**TASK PROMPT:** Nothing but the lines from the one containing "# F0 (on Top) → F1 (new body)" through the end of the data below may appear in the response, each one exact.

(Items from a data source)

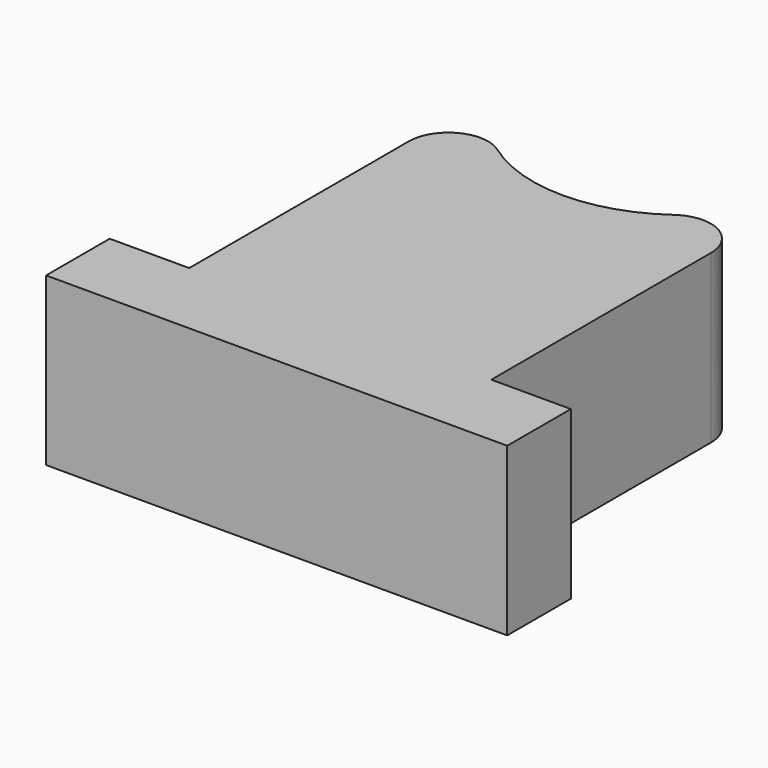
from build123d import *

# Parameters (mm, degrees)
F1_DEPTH = 2.1
F2_F1_R  = 0.5
F2_F2_R  = 0.5


with BuildPart() as f1:
    # F0 (on Top) → F1 (new body)
    with BuildSketch(Plane.XY):
        with BuildLine():
            Line((-3.9, 0.7333275447), (-3.9, -0.2666724553))
            Line((-3.9, -0.2666724553), (1.9, -0.2666724553))
            Line((1.9, -0.2666724553), (1.9, 0.7333275447))
            Line((1.9, 0.7333275447), (0.9, 0.7333275447))
            Line((0.9, 0.7333275447), (0.9, 6.1333275447))
            ThreePointArc((0.9, 6.1333275447), (-1, 4.2333275447), (-2.9, 6.1333275447))
            Line((-2.9, 6.1333275447), (-2.9, 0.7333275447))
            Line((-2.9, 0.7333275447), (-3.9, 0.7333275447))
        make_face()
    extrude(amount=F1_DEPTH)

    # F2: fillet of radius 0.5 on 2 edges, made by hand

    # F2_f1
    f2_f1_edges = [f1.edges().sort_by_distance(p)[0] for p in [
        (-2.9, 6.1333275447, 1.05),
    ]]
    fillet(f2_f1_edges, radius=F2_F1_R)

    # F2_f2
    f2_f2_edges = [f1.edges().sort_by_distance(p)[0] for p in [
        (0.9, 6.1333275447, 1.05),
    ]]
    fillet(f2_f2_edges, radius=F2_F2_R)


solid = f1.part

**TASK RESULT:**
    # F0 (on Top) → F1 (new body)
    with BuildSketch(Plane.XY):
        with BuildLine():
            Line((-3.9, 0.7333275447), (-3.9, -0.2666724553))
            Line((-3.9, -0.2666724553), (1.9, -0.2666724553))
            Line((1.9, -0.2666724553), (1.9, 0.7333275447))
            Line((1.9, 0.7333275447), (0.9, 0.7333275447))
            Line((0.9, 0.7333275447), (0.9, 6.1333275447))
            ThreePointArc((0.9, 6.1333275447), (-1, 4.2333275447), (-2.9, 6.1333275447))
            Line((-2.9, 6.1333275447), (-2.9, 0.7333275447))
            Line((-2.9, 0.7333275447), (-3.9, 0.7333275447))
        make_face()
    extrude(amount=F1_DEPTH)

    # F2: fillet of radius 0.5 on 2 edges, made by hand

    # F2_f1
    f2_f1_edges = [f1.edges().sort_by_distance(p)[0] for p in [
        (-2.9, 6.1333275447, 1.05),
    ]]
    fillet(f2_f1_edges, radius=F2_F1_R)

    # F2_f2
    f2_f2_edges = [f1.edges().sort_by_distance(p)[0] for p in [
        (0.9, 6.1333275447, 1.05),
    ]]
    fillet(f2_f2_edges, radius=F2_F2_R)


solid = f1.part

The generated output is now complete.